Here is what I do to make it so you have to press a key to continue.
1 2 3 4 5 6 7 8 9 10 11 12
#include<iostream> //for cout
#include<conio.h> //for getch()
usingnamespace std;
int main(void)
{
int k=0; //variable
cout << "press something anything i need to be free" << endl;//message to tell the user to press a key to continue
k=0;while(k==0) k=getch(); //pausing sequence
cout << "thanks" << endl; //something afterwards to prove it works
return (0);
}
Also, never use system("pause"); or any system command because... well... just read this article.

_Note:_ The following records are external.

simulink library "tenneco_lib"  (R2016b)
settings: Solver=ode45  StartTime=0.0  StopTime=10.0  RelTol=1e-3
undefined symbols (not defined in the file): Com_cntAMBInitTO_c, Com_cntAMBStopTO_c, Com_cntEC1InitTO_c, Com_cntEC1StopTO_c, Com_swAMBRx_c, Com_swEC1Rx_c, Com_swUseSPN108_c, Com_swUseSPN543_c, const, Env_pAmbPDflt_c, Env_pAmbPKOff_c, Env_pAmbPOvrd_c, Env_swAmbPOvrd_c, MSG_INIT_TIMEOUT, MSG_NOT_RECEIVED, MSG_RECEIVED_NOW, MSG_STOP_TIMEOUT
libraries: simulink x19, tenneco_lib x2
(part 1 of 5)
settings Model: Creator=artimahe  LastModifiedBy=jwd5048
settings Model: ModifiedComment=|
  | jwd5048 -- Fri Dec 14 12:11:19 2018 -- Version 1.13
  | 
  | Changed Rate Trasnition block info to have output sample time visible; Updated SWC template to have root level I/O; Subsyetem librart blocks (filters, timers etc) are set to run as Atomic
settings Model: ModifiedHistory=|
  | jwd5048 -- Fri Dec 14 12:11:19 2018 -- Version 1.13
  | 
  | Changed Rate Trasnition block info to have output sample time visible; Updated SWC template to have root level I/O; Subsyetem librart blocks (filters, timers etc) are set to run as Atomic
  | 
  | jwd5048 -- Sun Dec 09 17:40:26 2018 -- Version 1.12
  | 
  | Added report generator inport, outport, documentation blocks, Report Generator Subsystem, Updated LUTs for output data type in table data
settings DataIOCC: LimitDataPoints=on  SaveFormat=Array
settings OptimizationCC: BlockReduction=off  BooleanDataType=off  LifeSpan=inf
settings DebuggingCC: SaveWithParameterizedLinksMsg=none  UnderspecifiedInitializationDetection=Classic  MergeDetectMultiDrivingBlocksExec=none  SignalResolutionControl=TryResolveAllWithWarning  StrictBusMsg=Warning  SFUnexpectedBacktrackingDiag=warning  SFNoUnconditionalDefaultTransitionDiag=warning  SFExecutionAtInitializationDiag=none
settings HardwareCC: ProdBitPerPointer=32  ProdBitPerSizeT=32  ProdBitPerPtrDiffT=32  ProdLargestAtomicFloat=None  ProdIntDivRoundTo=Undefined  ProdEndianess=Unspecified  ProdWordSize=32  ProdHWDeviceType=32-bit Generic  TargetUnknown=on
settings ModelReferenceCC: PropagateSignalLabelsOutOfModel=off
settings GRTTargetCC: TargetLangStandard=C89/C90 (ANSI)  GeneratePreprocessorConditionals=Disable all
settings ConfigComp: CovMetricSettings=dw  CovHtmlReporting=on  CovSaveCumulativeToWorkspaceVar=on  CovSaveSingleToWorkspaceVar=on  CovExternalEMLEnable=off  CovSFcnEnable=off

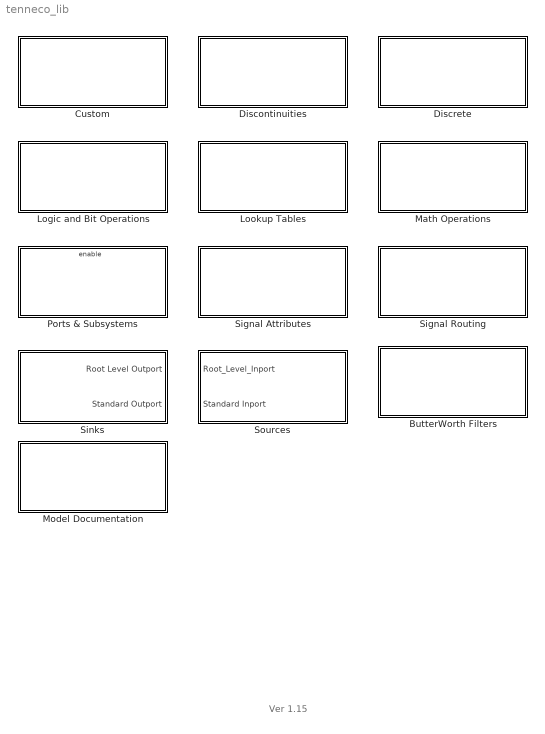
== system tenneco_lib ==
  note: Ver 1.15
  ButterWorth Filters : Subsystem
      mask Display: disp('Filters');
  Custom : Subsystem
      mask Display: disp('Custom');
  Discontinuities : Subsystem
      mask Display: disp('Discontinuities');
  Discrete : Subsystem
      mask Display: disp('Discrete');
  Logic and Bit Operations : Subsystem
      mask Display: disp('Logic and Bit Operations');
  Lookup Tables : Subsystem
      mask Display: disp('Lookup Tables');
  Math Operations : Subsystem
      mask Display: disp('Math Operations');
  Model Documentation : Subsystem
      mask Display: disp('Model Documentation');
  Ports & Subsystems : Subsystem
      mask Display: disp('Ports & Subsystems');
  Signal Attributes : Subsystem
      mask Display: disp('Signal Attributes');
  Signal Routing : Subsystem
      mask Display: disp('Signal Routing');
  Sinks : Subsystem
      mask Display: disp('Sinks');
  Sources : Subsystem
      mask Display: disp('Sources');

== system tenneco_lib/ButterWorth Filters ==
  Butterworth First Order HPF : Subsystem  TreatAsAtomicUnit=on  mask(Filter){Ts=.001}
      mask prompts: Ts "sample time(sec)"
      mask help: Butterworth First Order HPF
      mask Display:
      | image(imread('Tenneco_Copyright_Logo_Mini.bmp'),'center');
      | color('red');
      | disp('\n\n\n\n\n\n\nTenneco Confidential Red\n Restricted. Do not Distribute.');
  Butterworth First Order LPF : Subsystem  TreatAsAtomicUnit=on  mask(Filter){Ts=.001}
      mask prompts: Ts "sample time(sec)"
      mask help: Butterworth First Order LPF
      mask Display:
      | image(imread('Tenneco_Copyright_Logo_Mini.bmp'),'center');
      | color('red');
      | disp('\n\n\n\n\n\n\nTenneco Confidential Red\n Restricted. Do not Distribute.');
  Butterworth Second Order BPF : Subsystem  TreatAsAtomicUnit=on  mask(Filter){Ts=0.001}
      mask prompts: Ts "sample time(sec)"
      mask help: Butterworth Second Order BPF
      mask Display:
      | image(imread('Tenneco_Copyright_Logo_Mini.bmp'),'center');
      | color('red');
      | disp('\n\n\n\n\n\n\nTenneco Confidential Red\n Restricted. Do not Distribute.');
  Butterworth Second Order HPF : Subsystem  TreatAsAtomicUnit=on  mask(Filter){Ts=.001}
      mask prompts: Ts "sample time(sec)"
      mask help: Butterworth Second Order HPF
      mask Display:
      | image(imread('Tenneco_Copyright_Logo_Mini.bmp'),'center');
      | color('red');
      | disp('\n\n\n\n\n\n\nTenneco Confidential Red\n Restricted. Do not Distribute.');
  Butterworth Second Order LPF : Subsystem  TreatAsAtomicUnit=on  mask(Filter){Ts=.001}
      mask prompts: Ts "sample time(sec)"
      mask help: Butterworth Second Order LPF
      mask Display:
      | image(imread('Tenneco_Copyright_Logo_Mini.bmp'),'center');
      | color('red');
      | disp('\n\n\n\n\n\n\nTenneco Confidential Red\n Restricted. Do not Distribute.');
  Generic Low-Pass Filter : Subsystem  TreatAsAtomicUnit=on  mask{Fil=.01, SampleTime=1, N=2}
      mask prompts: Fil "Filter Coefficient"; SampleTime "Sample Time in Seconds"; N "Stabilization Time [# loops]"
      mask help:
      | Filter coefficient=sampletime/number of samples to be averaged
      | Please use explicit sample time. Do not use (-1).
      |
      | The initial condition of the filter will be the input value after the
      | stabilization period has expired.
      mask Display:
      | port_label('input',1,'x');
      | port_label('output',1,'y');
      | 
      | image(imread('Tenneco_Copyright_Logo_Mini.bmp'),'center');
      | color('red');
      | disp('\n\n\n\n\n\n\nTenneco Confidential Red\n Restricted. Do not Distribute.');
  Resettable Variable Low-Pass Filter : Subsystem  TreatAsAtomicUnit=on  mask{Ts=0.1, N=2}
      mask prompts: Ts "Filter Sample Time [sec]"; N "Stabilization Loops [#]"
      mask help:
      | The initial condition of the filter will be the input value after the
      | stabilization period has expired.
      mask init:
      | if (isempty(N) || ...
      |         rem(N, 1) ~= 0 || ...
      |        (rem(N, 1) == 0 && N < 1))
      |         errordlg(['Number of stabilization loops must be a ' ...
      |                  'positive integer.'], ...
      |                  'Error: Function Block Parameters');
      | end
      | 
      | if (isempty(Ts) || ...
      |         (Ts <= 0))
      |         errordlg(['Sample time must be greater than zero.'], ...
      |                  'Error: Function Block Parameters');
      | end
      mask Display:
      | port_label('input',1,'x');
      | port_label('input',2,'t [sec]');
      | port_label('input',3,'reset');
      | port_label('output',1,'y');
      | 
      | image(imread('Tenneco_Copyright_Logo_Mini.bmp'),'center');
      | color('red');
      | disp('\n\n\n\n\n\n\nTenneco Confidential Red\n Restricted. Do not Distribute.');
  Variable Low-Pass Filter : Subsystem  TreatAsAtomicUnit=on  mask{Ts=0.1, N=2}
      mask prompts: Ts "Filter Sample Time [sec]"; N "Stabilization Loops [#]"
      mask help:
      | The initial condition of the filter will be the input value after the
      | stabilization period has expired.
      mask init: same as tenneco_lib/ButterWorth Filters/Resettable Variable Low-Pass Filter
      mask Display:
      | port_label('input',1,'x');
      | port_label('input',2,'\tau [sec]','texmode','on');
      | port_label('output',1,'y');
      | 
      | image(imread('Tenneco_Copyright_Logo_Mini.bmp'),'center');
      | color('red');
      | disp('\n\n\n\n\n\n\nTenneco Confidential Red\n Restricted. Do not Distribute.');

== system tenneco_lib/Custom ==
  CAN : Subsystem
      mask Display: disp('CAN');
  Logical : Subsystem
      mask Display: disp('Logical');
  Math : Subsystem
      mask Display: disp('Math');
  Timers : Subsystem
      mask Display: disp('Timers');

== system tenneco_lib/Discontinuities ==
  Rate Limiter Dynamic : simulink/Discontinuities/Rate Limiter Dynamic
  Saturation : Saturate  UpperLimit=UpperLimit  LowerLimit=LowerLimit  mask(Saturation){UpperLimit=0.5, LowerLimit=-0.5}
      mask prompts: UpperLimit "Simulink:blkprm_prompts:SaturateUpLim"; LowerLimit "Simulink:blkprm_prompts:SaturateLowLim"
      mask help: Limit input signal to the upper and lower saturation values.
      settings: CopyFcn=set_param(gcbh,'LinkStatus','none');
      mask TypeOptions UpperLimit: UpperLimit
      mask TypeOptions LowerLimit: LowerLimit

== system tenneco_lib/Discrete ==
  Discrete Filter : DiscreteFilter  NumeratorSource=Input port  DenominatorSource=Input port  a0EqualsOne=on  mask(Discrete Filter){}
      mask help: Independently filter each channel of the input over time using a discrete IIR filter. Specify the numerator and denominator coefficients in ascending order of powers of 1/z.
      settings: CopyFcn=set_param(gcbh,'LinkStatus','none');  InputPortMap=u0,p1,p3
  Unit Delay : UnitDelay  InitialCondition=InitialCondition  SampleTime=-1  mask(Unit Delay){InitialCondition=0}
      mask prompts: InitialCondition "Simulink:blkprm_prompts:DelayBlkInitCond"
      mask help: Sample and hold with one sample period delay.
      settings: CopyFcn=set_param(gcbh,'LinkStatus','none');
      mask TypeOptions InitialCondition: InitialCondition

== system tenneco_lib/Logic and Bit Operations ==
  Bitwise Operator : simulink/Logic and Bit Operations/Bitwise Operator  logicop=AND  UseBitMask=on  BitMask=bin2dec('11011001')  BitMaskRealWorld=Stored Integer
  Compare To Constant : simulink/Logic and Bit Operations/Compare To Constant  relop=<=  const=const  OutDataTypeStr=boolean
  Logical Operator : Logic  Inputs=Inputs  AllPortsSameDT=off  OutDataTypeStr=boolean  mask(Logical Operator){Operator=AND, Inputs=2}
      mask prompts: Operator "Simulink:blkprm_prompts:LogicOperator"; Inputs "Simulink:blkprm_prompts:LogicNumInputPorts"
      mask help: Logical operators. For a single input, operators are applied across the input vector. For multiple inputs, operators are applied across the inputs.
      settings: CopyFcn=set_param(gcbh,'LinkStatus','none');
      mask TypeOptions Operator: Operator
      mask TypeOptions Inputs: Inputs
  Relational Operator : RelationalOperator  Operator=<=  OutDataTypeStr=boolean  RndMeth=Nearest  mask(Relational Operator){Operator=<=}
      mask prompts: Operator "Simulink:blkprm_prompts:RelopOperator"
      mask help: Applies the selected relational operator to the inputs and outputs the result. The top (or left) input corresponds to the first operand.
      settings: CopyFcn=set_param(gcbh,'LinkStatus','none');
      mask TypeOptions Operator: Operator
  Shift Arithmetic : ArithShift  BitShiftNumber=8
      settings: CopyFcn=set_param(gcbh,'LinkStatus','none');

== system tenneco_lib/Lookup Tables ==
  1-D Lookup Table : Lookup_n-D  NumberOfTableDimensions=1  BreakpointsForDimension1=BreakpointsForDimension1  BreakpointsForDimension3=[5, 7]  Table=Table  ExtrapMethod=Clip  UseLastTableValue=on  InternalRulePriority=Speed  OutDataTypeStr=Inherit: Inherit from 'Table data'  RndMeth=Simplest  LockScale=on  mask(Lookup Table (1-D)){Table=[1,2,3], BreakpointsForDimension1=[10,22,31]}
      mask prompts: Table "Simulink:blkprm_prompts:InterpndTable"; BreakpointsForDimension1 "Breakpoints for axis:"
      mask help: Perform 1-dimensional interpolated table lookup including index searches. The table is a sampled representation of a function in N variables. Breakpoint sets relate the input values to positions in the table.
      settings: CopyFcn=set_param(gcbh,'LinkStatus','none');
      mask TypeOptions Table: Table
      mask TypeOptions BreakpointsForDimension1: BreakpointsForDimension1
  2-D Lookup Table : Lookup_n-D  BreakpointsForDimension1=BreakpointsForDimension1  BreakpointsForDimension2=BreakpointsForDimension2  BreakpointsForDimension3=[5, 7]  Table=Table  ExtrapMethod=Clip  UseLastTableValue=on  InternalRulePriority=Speed  OutDataTypeStr=Inherit: Inherit from 'Table data'  RndMeth=Simplest  LockScale=on  mask(Lookup Table (2-D)){Table=[1,2,3;4,5,6], BreakpointsForDimension1=[10,22], BreakpointsForDimension2=[10,22,31]}
      mask prompts: Table "Simulink:blkprm_prompts:InterpndTable"; BreakpointsForDimension1 "Breakpoints for u1 (y-axis):"; BreakpointsForDimension2 "Breakpoints for u2 (x-axis):"
      mask help: Perform 2-dimensional interpolated table lookup including index searches. The table is a sampled representation of a function in N variables. Breakpoint sets relate the input values to positions in the table. The first dimension corresponds to the top (or left) input port.
      settings: CopyFcn=set_param(gcbh,'LinkStatus','none');
      mask TypeOptions Table: Table
      mask TypeOptions BreakpointsForDimension1: BreakpointsForDimension1
      mask TypeOptions BreakpointsForDimension2: BreakpointsForDimension2

== system tenneco_lib/Math Operations ==
  Abs : Abs  mask(Abs){}
      mask help: y = |u|
      settings: CopyFcn=set_param(gcbh,'LinkStatus','none');
  Gain : Gain  Gain=Gain  mask(Gain){Gain=1}
      mask prompts: Gain "Simulink:blkprm_prompts:GainGain"
      mask help: Element-wise gain (y = K.*u) or matrix gain (y = K*u or y = u*K).
      mask init:
      | blkName = gcb;
      | 
      | str = ['C']; %default
      | 
      | const_str = get_param(blkName, 'Gain');
      | const_val = str2num(const_str);
      | 
      | if isempty(const_val) %#ok<ST2NM>
      |     %Expression/Variable
      |     str = [strtrim(const_str)];
      | else
      |     if length(const_val) == 1 
      |         if Simulink.data.isSupportedEnumClass(class(const_val))
      |             % Special Handling for Enumerations
      |             if Simulink.data.getEnumTypeInfo(class(const_val), 'AddClassNameToEnumNames')
      |                 str = [strtrim(const_str)];
      |             else
      |                 str = [char(const_val)];
      |             end
      |         elseif(isfloat(const_val) || isinteger(const_val)) 
      |                 str = [num2str(const_val)];
      |         end
      |     end
      | end
      settings: CopyFcn=set_param(gcbh,'LinkStatus','none');
      mask TypeOptions Gain: Gain
      mask Display: disp(strcat('GAIN\n',str))
  Math Function : Math  Operator=square  SaturateOnIntegerOverflow=on  mask(Math){Operator=square}
      mask prompts: Operator "SimulinkBlocks:dialog:BmathfcnOperator"
      mask help: Mathematical functions including logarithmic, exponential, power, and modulus functions. When the function has more than one argument, the first argument corresponds to the top (or left) input port.
      settings: CopyFcn=set_param(gcbh,'LinkStatus','none');
      mask TypeOptions Operator: Operator
  MinMax : MinMax  Inputs=Inputs  mask(MinMax){Function=min, Inputs=1}
      mask prompts: Function "Simulink:blkprm_prompts:MinMaxFunction"; Inputs "Simulink:blkprm_prompts:MinMaxNumInPorts"
      mask help: Output min or max of input. For a single input, operators are applied across the input vector. For multiple inputs, operators are applied across the inputs.
      settings: CopyFcn=set_param(gcbh,'LinkStatus','none');
      mask TypeOptions Function: Function
      mask TypeOptions Inputs: Inputs
  Product : Product  Inputs=*/  InputSameDT=on  mask(Product){Inputs=*/}
      mask prompts: Inputs "List of signs:"
      mask help:
      | Multiply or divide inputs.  Specify one of the following:
      |  a) * or / for each input port. For example, **/* performs the operation 'u1*u2/u3*u4'.
      |  b) scalar specifies the number of input ports to be multiplied.
      settings: CopyFcn=set_param(gcbh,'LinkStatus','none');
      mask TypeOptions Inputs: Inputs
  Rounding Function : Rounding  Operator=round  mask(Rounding){Operator=round}
      mask prompts: Operator "Simulink:blkprm_prompts:RoundOperator"
      mask help: Rounding operations.
      settings: CopyFcn=set_param(gcbh,'LinkStatus','none');
      mask TypeOptions Operator: Operator
  Sqrt : Sqrt  SaturateOnIntegerOverflow=on  mask(Sqrt){Operator=sqrt}
      mask prompts: Operator "SimulinkBlocks:SqrtFcn:BmathfcnOperator"
      mask help: Square root functions including square root, signed square root, and reciprocal square root functions.
      settings: CopyFcn=set_param(gcbh,'LinkStatus','none');
      mask TypeOptions Operator: Operator
  Sum : Sum  Inputs=+-  InputSameDT=on  mask(Sum){Inputs=+-}
      mask prompts: Inputs "Simulink:blkprm_prompts:SumListofSigns"
      mask help:
      | Add or subtract inputs.  Specify one of the following:
      | a) character vector containing + or - for each input port, | for spacer between ports (e.g. ++|-|++)
      | b) scalar, >= 1, specifies the number of input ports to be summed.
      | When there is only one input port, add or subtract elements over all dimensions or one specified dimension
      settings: CopyFcn=set_param(gcbh,'LinkStatus','none');
      mask TypeOptions Inputs: Inputs
  Trigonometric Function : Trigonometry  mask(Trigonometric Function){Operator=sin}
      mask prompts: Operator "Simulink:blkprm_prompts:TrigFcnOperator"
      mask help: Trigonometric and hyperbolic functions. When the function has more than one argument, the first argument corresponds to the top (or left) input port.
      settings: CopyFcn=set_param(gcbh,'LinkStatus','none');
      mask TypeOptions Operator: Operator
  Unary Minus : UnaryMinus
      settings: CopyFcn=set_param(gcbh,'LinkStatus','none');

== system tenneco_lib/Model Documentation ==
  Appendix Title : Subsystem  mask(RptGen Appendix){rptgenOrder=10}
      mask prompts: rptgenOrder "Report Gen Order Priority"
      mask help:
      | This block is designed to contain RptGen Description and RptGen Detail blocks to create a document structure as an appendix to be added at the end of the MBDD.
      |
      | If this block is anywhere in a model, an appendix with the block name as the section title shall appear in the report.
      |
      | The Report Gen Order Priority allows the user to set the sorted order of the block's contents appearing in the report.
      settings: OpenFcn=open_system(gcb,'force')
      mask Display: disp(['Appendix - ',get_param(gcb,'rptgenOrder')])
  Description : Subsystem  mask(RptGenDescription){rptgenOrder=10}
      mask prompts: rptgenOrder "Report Gen Order Priority"
      mask help:
      | This block can contain text, tables, lists, images, and equations from a Word document to describe its parent subsystem.
      |
      | The contents of this block shall be placed in paragraph(s) just after the subsystem's section heading in the report, before the system snapshot.
      |
      | The Report Gen Order Priority allows the user to set the sorted order of the block's contents appearing in the report.
      settings: OpenFcn=open_system([gcb,'/DocBlock'])
      mask Display: disp(['Description - ',get_param(gcb,'rptgenOrder')])
  Detail : Subsystem  mask(RptGenDetail){rptgenOrder=10}
      mask prompts: rptgenOrder "Report Gen Order Priority"
      mask help:
      | This block can contain text, tables, lists, images, and equations from a Word document to further describe its parent subsystem, when a brief description is not sufficient to fully describe a system.
      |
      | The name of this block shall appear as the subsection title underneath the current subsystem's section.
      |
      | The Report Gen Order Priority allows the user to set the sorted order of the block's contents appearing in the report.
      settings: OpenFcn=open_system([gcb,'/DocBlock'])
      mask Display: disp(['Detail - ',get_param(gcb,'rptgenOrder')])
  Introduction : Subsystem  mask(RptGenIntroduction){rptgenOrder=10}
      mask prompts: rptgenOrder "Report Gen Order Priority"
      mask help:
      | This block can contain text, tables, lists, images, and equations from a Word document for the introduction portion of the MBDD.
      |
      | The contents of this block shall be placed in the introductory section if it is in a software part model.
      |
      | The Report Gen Order Priority allows the user to set the sorted order of the block's contents appearing in the report.
      settings: OpenFcn=open_system([gcb,'/DocBlock'])
      mask Display: disp(['Introduction - ',get_param(gcb,'rptgenOrder')])

== system tenneco_lib/Ports & Subsystems ==
  Enable : EnablePort  mask(Enable Port){StatesWhenEnabling=held, ShowOutputPort=off}
      mask prompts: StatesWhenEnabling "Simulink:blkprm_prompts:EnabPortStates"; ShowOutputPort "Simulink:blkprm_prompts:TrigEnabShowOutPort"
      mask help: Place this block in a subsystem or at the root level of a model to create an enabled system.
      settings: CopyFcn=set_param(gcbh,'LinkStatus','none');
      mask TypeOptions StatesWhenEnabling: StatesWhenEnabling
      mask TypeOptions ShowOutputPort: ShowOutputPort
  If : If  mask(If Block){NumInputs=1, IfExpression=u1 > 0, ElseIfExpressions=, ShowElse=on}
      mask prompts: NumInputs "Simulink:blkprm_prompts:IfNumInputs"; IfExpression "Simulink:blkprm_prompts:IfCondition"; ElseIfExpressions "Simulink:blkprm_prompts:ElseIfConds"; ShowElse "Simulink:blkprm_prompts:IfShowElse"
      mask help:
      | IF expression
      |     Run the Action Subsystem connected to 1st output port
      | ELSEIF expression
      |     Run the Action Subsystem connected to 2nd output port
      | ELSE
      |     Run the Action Subsystem connected to last output port
      | END
      | The number of Elseif output ports in the block is equal to the
      | number of comma-separated Elseif expressions entered in the dialog.
      | The If and Elseif expressions can use these MATLAB operators:
      |     <, <=, ==, ~=, >, >=, &, |, ~, (  ), unary-minus
      | on the input port signals named u1, u2, u3, etc.
      settings: CopyFcn=set_param(gcbh,'LinkStatus','none');
      mask TypeOptions NumInputs: NumInputs
      mask TypeOptions IfExpression: IfExpression
      mask TypeOptions ElseIfExpressions: ElseIfExpressions
      mask TypeOptions ShowElse: ShowElse
  If Action Subsystem : Subsystem  TreatAsAtomicUnit=on
      settings: CopyFcn=set_param(gcbh,'LinkStatus','none'); set_param(gcbh,'Mask','off'); set_param(gcbh,'MaskType',''); set_param(gcbh,'MaskDescription',''); set_param(gcbh,'OpenFcn',''); set_param(gcbh,'CopyFcn','')  OpenFcn=open_system(gcbh,'force')
  SoftwareComponent SWC : Subsystem  Tag=SoftwareComponent  mask(Software Component Subsystem){libVer=1.13, DataDictionary=SoftwareComponent_dd.m, swDescription=, logEntry=|}
      mask logEntry=|
      | jwd5048 -- Fri Dec 14 12:11:19 2018 -- Version 1.13
      |
      | Changed Rate Trasnition block info to have output sample time visible; Updated SWC template to have root level I/O; Subsyetem librart blocks (filters, timers etc) are set to run as Atomic
      mask prompts: libVer "Library Version"; DataDictionary "Data Dictionary File"; swDescription "Software Description"; logEntry "Version Log"
      mask help: Keeps track of the version of the software component and the corresponding data dictionary. Also contains an abstract description of the software component and the last version log entry.
      settings: PreSaveFcn=updateSwcParams  OpenFcn=open_system(gcb,'force')
      mask Help: If this subsystem resides inside the top layer of a Simulink diagram, changing the version number in the parameters pane will kick-off operations to update the model history and version number.  It will also run checks to make sure the log entry was updated and the version number was incremented properly, before pushing this information to the model parameters.
      mask DialogControl Control3 Prompt: Library Version:  %<libVer>
      mask DialogControl Container3 Prompt: Software Description
      mask DialogControl Control4 Prompt: %<swDescription>
      mask DialogControl Container4 Prompt: Version Log Entry
      mask DialogControl Control5 Prompt: %<logEntry>
      mask Display: disp(['Library Ver. ', get_param(gcb,'libVer'), '\nDD File: ', get_param(gcb,'DataDictionary')]);
  wires:
  If/1 -> If Action Subsystem/Action

== system tenneco_lib/Signal Attributes ==
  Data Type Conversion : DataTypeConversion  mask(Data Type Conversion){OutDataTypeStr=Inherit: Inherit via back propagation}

"Open a terminal/command prompt change directory to where the executable is and run it."
thank you that is really wonderful idea and it works . Is there a way to do it automatically without having each time to change to where the executable is then running it ???
You can probably set up your IDE to do that automatically with some custom debug/run options. I'm not sure where those would be in DevC++ though, probably in some project/program properties window.
Also, consider upgrading to a more recent IDE like wxDevC++ (or whatever is the newest).
@thecrazedone126 your solution is not the best. First, why to declare new, unused variable?
You can do sth like that: while(true) getch();
Second, those kind of loops are horrible. They run all the time. It uses all processor resources it can. It's much better to use std::cin.get();. It doesn't make that ugly loop. Use it once normally or twice if there was std::cin >> something; before, as it has to catch enter key, that was not caught by std::cin object.
dilver, you can also compile it as release. That "press any key to continue" is code added to the end of the run by the compiler in a debug compilation.